**Task requirements:** The answer must consist of every line from the data that holds "drawing".

------------------------------

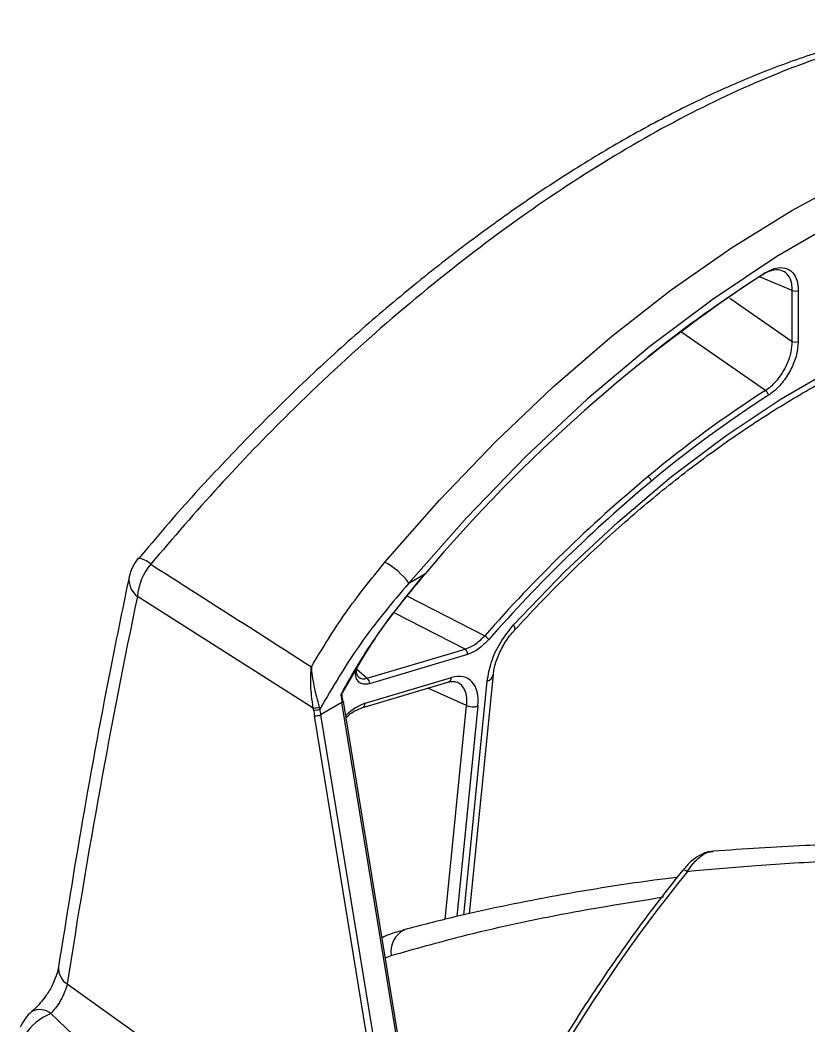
# Model space of a CAD drawing. Extents: x 7 to 113, y 1 to 87.
# Drawn here: x 10.106 to 11.957, y 72.787 to 75.147 of the extents above; entities that cross this region are included whole.
import ezdxf

# ---------------------------------------------------------------- set-up
doc = ezdxf.new("R2010")
doc.units = 0
doc.header["$MEASUREMENT"] = 0
doc.layers.add('OBJECT', color=7, linetype='CONTINUOUS')

msp = doc.modelspace()

# ---------------------------------------------------------------- linework, layer by layer
at = {"layer": 'OBJECT'}
for p, q in [((11.918, 74.5132), (11.8411, 74.5449)), ((11.8541, 74.5531), (11.8541, 74.5544)), ((11.918, 74.3935), (11.918, 74.5132)), ((11.932, 74.5133), (11.932, 74.3936)), ((11.7711, 74.4948), (11.918, 74.3935)), ((11.0184, 73.8263), (11.0572, 73.8488)), ((10.7941, 73.5331), (10.3816, 73.795)), ((11.0155, 73.7956), (11.1965, 73.7029)), ((11.1504, 73.6715), (10.9837, 73.7562)), ((10.9205, 73.6029), (11.1504, 73.6715)), ((11.1556, 73.6587), (10.9257, 73.5901)), ((10.896, 73.6242), (10.9205, 73.6029)), ((10.9077, 73.5334), (11.11, 73.5938)), ((10.9162, 73.5444), (11.1184, 73.6048)), ((11.1472, 73.0474), (11.2022, 73.5963)), ((11.1603, 73.0501), (11.2166, 73.6117)), ((11.2166, 73.6117), (11.2166, 73.6123)), ((11.154, 73.5391), (11.0626, 73.5796)), ((10.8615, 73.546), (10.8113, 73.517)), ((11.0461, 72.4173), (10.8615, 73.546)), ((11.0494, 72.4195), (10.8649, 73.5483)), ((10.7948, 73.5286), (10.7941, 73.5331)), ((10.808, 73.5352), (10.8093, 73.5302)), ((11.1037, 73.0373), (11.154, 73.5391)), ((11.1804, 73.538), (11.1309, 73.044)), ((10.9815, 72.3863), (10.7969, 73.5151)), ((10.8113, 73.517), (10.9958, 72.3883)), ((10.9632, 72.9466), (10.9769, 72.9524)), ((10.2169, 72.8857), (10.5415, 72.6539)), ((10.1784, 72.8161), (10.2486, 72.7491))]:
    msp.add_line(p, q, dxfattribs=at)
at = {"layer": 'OBJECT', "flags": 128}
for points in [[(10.9623, 73.8755), (11.0899, 74.0209), (11.2216, 74.1581), (11.3567, 74.2866), (11.4944, 74.4056), (11.6342, 74.5147), (11.7754, 74.6133), (11.9173, 74.7009), (12.0591, 74.7771), (12.2003, 74.8415), (12.3401, 74.8938), (12.4778, 74.9338), (12.6129, 74.9613), (12.7446, 74.9761), (12.8722, 74.9781)], [(12.8955, 74.9099), (12.7602, 74.9072), (12.6204, 74.89), (12.4768, 74.8584), (12.3304, 74.8125), (12.1818, 74.7527), (12.032, 74.6792), (11.8818, 74.5925), (11.732, 74.493), (11.5834, 74.3813), (11.437, 74.2581), (11.2935, 74.124), (11.1537, 73.9798), (11.0184, 73.8263)], [(11.2641, 73.7285), (11.3846, 73.8534), (11.5083, 73.9695), (11.6346, 74.0762), (11.7628, 74.1728), (11.8921, 74.2588), (12.0217, 74.3336), (12.151, 74.3969), (12.2792, 74.4483), (12.4055, 74.4875), (12.5293, 74.5142), (12.6497, 74.5283)], [(11.8554, 74.2786), (11.7255, 74.3683), (11.6592, 74.4141)], [(10.3832, 73.8846), (10.383, 73.8844), (10.3829, 73.884)], [(11.2641, 73.7285), (11.2663, 73.7228), (11.2669, 73.7184), (11.2658, 73.7153), (11.2656, 73.715)], [(10.8649, 73.5483), (10.8648, 73.548), (10.8645, 73.5475), (10.8638, 73.547), (10.8628, 73.5465), (10.8615, 73.546)], [(10.8628, 73.5492), (10.8638, 73.549), (10.8645, 73.5487), (10.8648, 73.5484), (10.8649, 73.5483)], [(11.661, 73.1525), (11.6616, 73.153), (11.6632, 73.1532), (11.6655, 73.1527), (11.6685, 73.1516), (11.672, 73.1499)]]:
    msp.add_lwpolyline(points, dxfattribs=at)
at = {"layer": 'OBJECT'}
for centre, radius, start, end in [((13.863, 71.4829), 3.6701, 123.1861, 139.8619), ((13.5383, 71.9083), 3.1361, 122.6078, 128.6574), ((11.9249, 74.527), 0.0154, 243.3938, 297.3352), ((11.9249, 74.4073), 0.0154, 243.3938, 297.3352), ((13.3694, 71.9265), 2.7973, 122.7676, 129.7746), ((11.8457, 74.2654), 0.0163, 6.0771, 53.7708), ((13.3699, 71.9245), 2.786, 122.7677, 129.7746), ((13.7975, 71.4171), 3.4627, 129.8282, 138.6911), ((13.7963, 71.4172), 3.4487, 129.8282, 138.6912), ((11.5688, 74.0603), 0.0195, 16.1966, 55.6185), ((10.4599, 73.8204), 0.1, 140.0654, 168.1659), ((10.3797, 73.8387), 0.046, 44.2729, 85.6734), ((10.8825, 73.7281), 0.1676, 35.8679, 61.5937), ((10.517, 73.7837), 0.1359, 140.1559, 175.2293), ((10.4104, 73.8345), 0.0488, 172.4061, 233.8382), ((11.1805, 73.6775), 0.0301, 32.8681, 57.8417), ((11.1428, 73.661), 0.013, 349.7958, 54.0676), ((10.9129, 73.5924), 0.013, 349.796, 54.066), ((11.1054, 73.606), 0.0131, 290.7131, 354.4156), ((11.1966, 73.6159), 0.0204, 285.8158, 348.1426), ((10.903, 73.5457), 0.0132, 291.7854, 354.3396), ((10.7948, 73.5755), 0.0423, 269.0207, 288.0809), ((10.7982, 73.5627), 0.0343, 264.4488, 288.8783), ((11.1685, 73.5708), 0.0349, 245.4315, 289.7809), ((10.7992, 73.5526), 0.0376, 266.5593, 288.7695), ((14.554, 70.8224), 3.7045, 141.0762, 159.8067), ((11.0349, 72.961), 0.0586, 117.7263, 188.4497), ((10.2402, 72.923), 0.044, 175.7204, 238.003), ((10.1983, 72.7446), 0.1, 129.943, 156.8526), ((10.2261, 72.6965), 0.1288, 111.711, 148.2884), ((10.1523, 72.7848), 0.0407, 50.1312, 116.5051)]:
    msp.add_arc(centre, radius, start, end, dxfattribs=at)
for centre, major_axis, ratio, start_param, end_param in [((20.7974, 63.9732), (-5.4545, 16.6635), 0.560082, 0.77104, 0.835488), ((11.099, 73.5023), (0.0584, 0.0996), 0.576929, 5.384463, 6.837193), ((11.0849, 73.5105), (0.0506, 0.0811), 0.590446, 5.402151, 6.366113), ((11.1635, 73.5019), (-0.1561, 0.4831), 0.559424, 1.266139, 1.302037), ((11.1714, 73.5045), (-0.161, 0.4919), 0.560082, 1.27231, 1.299921), ((10.8974, 73.4421), (0.0579, 0.0994), 0.581622, 0.555338, 1.111974), ((11.1055, 73.4704), (-0.161, 0.4919), 0.560082, 1.272872, 1.299921), ((11.1133, 73.4729), (-0.1561, 0.4831), 0.559424, 1.274988, 1.302037)]:
    msp.add_ellipse(centre, major_axis=major_axis, ratio=ratio, start_param=start_param, end_param=end_param, dxfattribs=at)
for points, knots in [([(12.5822, 75.1345), (12.5469, 75.1389), (12.4757, 75.1477), (12.363, 75.1469), (12.2458, 75.1357), (12.1244, 75.1132), (11.9995, 75.0797), (11.8721, 75.0356), (11.7427, 74.9812), (11.6121, 74.917), (11.4808, 74.8435), (11.3494, 74.7615), (11.2183, 74.671), (11.0874, 74.5723), (10.9565, 74.4652), (10.8263, 74.3499), (10.6973, 74.2268), (10.5707, 74.0962), (10.4659, 73.9814), (10.4052, 73.9083), (10.3842, 73.883)], [0, 0, 0, 0, 0.0558766, 0.1127093, 0.1701153, 0.2279098, 0.285866, 0.3437136, 0.4013042, 0.4585491, 0.5154159, 0.5718227, 0.6276027, 0.6836324, 0.7400403, 0.796843, 0.8540316, 0.9115723, 0.9694096, 1, 1, 1, 1]), ([(12.5993, 75.1332), (12.5423, 75.1391), (12.428, 75.151), (12.2392, 75.1305), (12.0398, 75.0825), (11.8301, 75.0038), (11.6133, 74.8973), (11.3927, 74.7647), (11.1711, 74.6072), (10.9517, 74.4279), (10.7512, 74.2414), (10.5708, 74.0551), (10.4654, 73.9323), (10.4127, 73.8708)], [0, 0, 0, 0, 0.0947289, 0.1897538, 0.2844742, 0.3792526, 0.4743386, 0.5691143, 0.6628629, 0.7569108, 0.8506657, 0.9253324, 1, 1, 1, 1]), ([(11.918, 74.5132), (11.9178, 74.5185), (11.9172, 74.5322), (11.9096, 74.5495), (11.8947, 74.5609), (11.8747, 74.5623), (11.8583, 74.5562), (11.8496, 74.5509), (11.8483, 74.5501)], [0, 0, 0, 0, 0.130784, 0.34091, 0.55074, 0.758615, 0.964807, 1, 1, 1, 1]), ([(11.8541, 74.5544), (11.8625, 74.5587), (11.8791, 74.5675), (11.9018, 74.5672), (11.9195, 74.5568), (11.9302, 74.538), (11.9314, 74.521), (11.932, 74.5133)], [0, 0, 0, 0, 0.206122, 0.412239, 0.618618, 0.826212, 1, 1, 1, 1]), ([(11.2656, 73.715), (11.2851, 73.736), (11.3417, 73.7967), (11.4378, 73.8915), (11.5544, 73.9964), (11.6729, 74.0925), (11.7926, 74.1793), (11.9128, 74.2565), (12.033, 74.3237), (12.1524, 74.3806), (12.2705, 74.4268), (12.3865, 74.4622), (12.4981, 74.4862), (12.5744, 74.4958), (12.6131, 74.4985), (12.6176, 74.4989)], [0, 0, 0, 0, 0.045331, 0.13164, 0.217929, 0.30418, 0.390392, 0.476564, 0.562701, 0.648813, 0.734917, 0.821034, 0.907206, 0.989198, 1, 1, 1, 1]), ([(11.8554, 74.2786), (11.8601, 74.282), (11.8723, 74.2907), (11.8904, 74.3113), (11.9065, 74.3391), (11.9165, 74.3681), (11.9175, 74.3853), (11.918, 74.3935)], [0, 0, 0, 0, 0.139926, 0.360022, 0.580274, 0.801996, 1, 1, 1, 1]), ([(11.932, 74.3936), (11.9312, 74.3834), (11.9295, 74.3629), (11.9166, 74.3295), (11.8976, 74.2991), (11.8781, 74.2784), (11.8659, 74.2699), (11.862, 74.2672)], [0, 0, 0, 0, 0.224518, 0.449077, 0.672569, 0.894408, 1, 1, 1, 1]), ([(10.7897, 73.6301), (10.8155, 73.6727), (10.8673, 73.7583), (10.9305, 73.8364), (10.9623, 73.8755)], [0, 0, 0, 0, 0.497922, 1, 1, 1, 1]), ([(10.4127, 73.8708), (10.4539, 73.8445), (10.5796, 73.7643), (10.7053, 73.684), (10.7897, 73.6301)], [0, 0, 0, 0, 0.328344, 1, 1, 1, 1]), ([(10.362, 73.8409), (10.3486, 73.7756), (10.3097, 73.5864), (10.2532, 73.2824), (10.2146, 73.0402), (10.1964, 72.9262)], [0, 0, 0, 0, 0.217982, 0.632126, 1, 1, 1, 1]), ([(11.0184, 73.8263), (10.9793, 73.7801), (10.9008, 73.6872), (10.8399, 73.5828), (10.8093, 73.5302)], [0, 0, 0, 0, 0.497068, 1, 1, 1, 1]), ([(10.8589, 73.5636), (10.8608, 73.5671), (10.8886, 73.6196), (10.95, 73.7184), (11.0213, 73.8051), (11.0572, 73.8488)], [0, 0, 0, 0, 0.03518, 0.514633, 1, 1, 1, 1]), ([(11.0542, 73.8469), (11.0177, 73.8026), (10.9444, 73.7134), (10.8877, 73.6137), (10.8591, 73.5635)], [0, 0, 0, 0, 0.497105, 1, 1, 1, 1]), ([(11.2022, 73.5963), (11.2048, 73.6112), (11.21, 73.6409), (11.232, 73.6886), (11.2532, 73.7149), (11.2641, 73.7285)], [0, 0, 0, 0, 0.3266863, 0.6533954, 1, 1, 1, 1]), ([(11.2171, 73.6122), (11.2172, 73.6143), (11.2175, 73.6246), (11.2246, 73.6491), (11.2392, 73.6804), (11.2545, 73.7032), (11.2639, 73.7128), (11.2657, 73.7147)], [0, 0, 0, 0, 0.073577, 0.353326, 0.640613, 0.928999, 1, 1, 1, 1]), ([(11.1504, 73.6715), (11.1551, 73.6732), (11.1676, 73.6777), (11.1836, 73.6893), (11.1936, 73.6998), (11.1965, 73.7029)], [0, 0, 0, 0, 0.3055226, 0.7987431, 1, 1, 1, 1]), ([(11.2058, 73.6938), (11.1978, 73.6857), (11.1815, 73.6692), (11.1643, 73.6622), (11.1556, 73.6587)], [0, 0, 0, 0, 0.49149, 1, 1, 1, 1]), ([(10.7941, 73.5331), (10.7926, 73.5429), (10.789, 73.5675), (10.7875, 73.5996), (10.7887, 73.621), (10.7895, 73.6288), (10.7896, 73.63), (10.7897, 73.6301)], [0, 0, 0, 0, 0.291273, 0.731775, 0.961022, 0.99599, 1, 1, 1, 1]), ([(10.7897, 73.6301), (10.7897, 73.63), (10.7897, 73.629), (10.7898, 73.6258), (10.7906, 73.6149), (10.7935, 73.5931), (10.8, 73.5636), (10.8057, 73.5433), (10.808, 73.5352)], [0, 0, 0, 0, 0.003813, 0.036465, 0.111777, 0.383706, 0.753032, 1, 1, 1, 1]), ([(10.9257, 73.5901), (10.921, 73.5893), (10.9116, 73.5876), (10.9008, 73.5933), (10.8938, 73.6038), (10.8931, 73.6141), (10.8928, 73.6189)], [0, 0, 0, 0, 0.258538, 0.517207, 0.772326, 1, 1, 1, 1]), ([(10.8945, 73.6217), (10.8948, 73.6189), (10.8955, 73.6119), (10.9009, 73.6048), (10.9094, 73.6005), (10.9168, 73.6021), (10.9205, 73.6029)], [0, 0, 0, 0, 0.179848, 0.445812, 0.717478, 1, 1, 1, 1]), ([(11.11, 73.5938), (11.1132, 73.5945), (11.1218, 73.5966), (11.1269, 73.5949), (11.1301, 73.5938)], [0, 0, 0, 0, 0.372433, 1, 1, 1, 1]), ([(10.8589, 73.5636), (10.8589, 73.5636), (10.8595, 73.5634), (10.8608, 73.5632), (10.8622, 73.5629), (10.8628, 73.5627), (10.8624, 73.5627), (10.8613, 73.5628), (10.8607, 73.5629)], [0, 0, 0, 0, 0.009429, 0.151969, 0.380856, 0.592582, 0.796142, 1, 1, 1, 1]), ([(10.8699, 73.5085), (10.871, 73.5098), (10.8792, 73.5193), (10.8933, 73.5279), (10.9039, 73.5319), (10.9077, 73.5334)], [0, 0, 0, 0, 0.091145, 0.67362, 1, 1, 1, 1]), ([(12.0328, 73.2139), (12.0048, 73.2128), (11.9041, 73.209), (11.8044, 73.2021), (11.7325, 73.1971)], [0, 0, 0, 0, 0.2786, 1, 1, 1, 1]), ([(11.7318, 73.1967), (11.7273, 73.1963), (11.7144, 73.1952), (11.6935, 73.1838), (11.674, 73.1688), (11.6644, 73.1557), (11.6616, 73.1518)], [0, 0, 0, 0, 0.167885, 0.480623, 0.844423, 1, 1, 1, 1]), ([(11.672, 73.1499), (11.6756, 73.1552), (11.6853, 73.1692), (11.7027, 73.1857), (11.7201, 73.1962), (11.7293, 73.1965), (11.7325, 73.1965)], [0, 0, 0, 0, 0.200664, 0.536579, 0.839785, 1, 1, 1, 1]), ([(11.672, 73.1499), (11.7222, 73.1545), (11.8311, 73.1645), (11.9413, 73.1709), (12.0006, 73.1743)], [0, 0, 0, 0, 0.460735, 1, 1, 1, 1]), ([(11.661, 73.1525), (11.6434, 73.1305), (11.5923, 73.0665), (11.5114, 72.956), (11.4203, 72.8199), (11.335, 72.6793), (11.256, 72.5351), (11.1838, 72.3881), (11.1228, 72.2499), (11.089, 72.1606), (11.0742, 72.1213)], [0, 0, 0, 0, 0.072016, 0.208756, 0.345507, 0.48225, 0.618993, 0.755739, 0.892496, 1, 1, 1, 1]), ([(11.6476, 73.1356), (11.6298, 73.1334), (11.5294, 73.1211), (11.3546, 73.0923), (11.1594, 73.0524), (11.047, 73.0232), (11.0076, 73.013)], [0, 0, 0, 0, 0.081101, 0.458096, 0.809874, 1, 1, 1, 1]), ([(10.9769, 72.9524), (11.0322, 72.968), (11.1631, 73.0048), (11.376, 73.0513), (11.5357, 73.077), (11.6157, 73.0898)], [0, 0, 0, 0, 0.267535, 0.633326, 1, 1, 1, 1]), ([(11.0078, 73.0117), (10.9961, 73.009), (10.9782, 73.005), (10.9612, 72.997), (10.9555, 72.9942)], [0, 0, 0, 0, 0.657608, 1, 1, 1, 1]), ([(10.1962, 72.926), (10.1953, 72.9209), (10.1932, 72.9099), (10.184, 72.8868), (10.1732, 72.8663), (10.1648, 72.8558), (10.1624, 72.8527)], [0, 0, 0, 0, 0.261208, 0.55261, 0.870283, 1, 1, 1, 1]), ([(10.2169, 72.8857), (10.2151, 72.8796), (10.2116, 72.8674), (10.2016, 72.8472), (10.1901, 72.8294), (10.1821, 72.8202), (10.1784, 72.8161)], [0, 0, 0, 0, 0.26233, 0.524835, 0.78459, 1, 1, 1, 1]), ([(10.1624, 72.8527), (10.1585, 72.8474), (10.1494, 72.8348), (10.1397, 72.8263), (10.1341, 72.8213)], [0, 0, 0, 0, 0.420919, 1, 1, 1, 1])]:
    msp.add_open_spline(points, degree=3, knots=knots, dxfattribs=at)

doc.saveas('drawing.dxf')

------------------------------

**Answer for this exercise:**
# Model space of a CAD drawing. Extents: x 7 to 113, y 1 to 87.
doc.saveas('drawing.dxf')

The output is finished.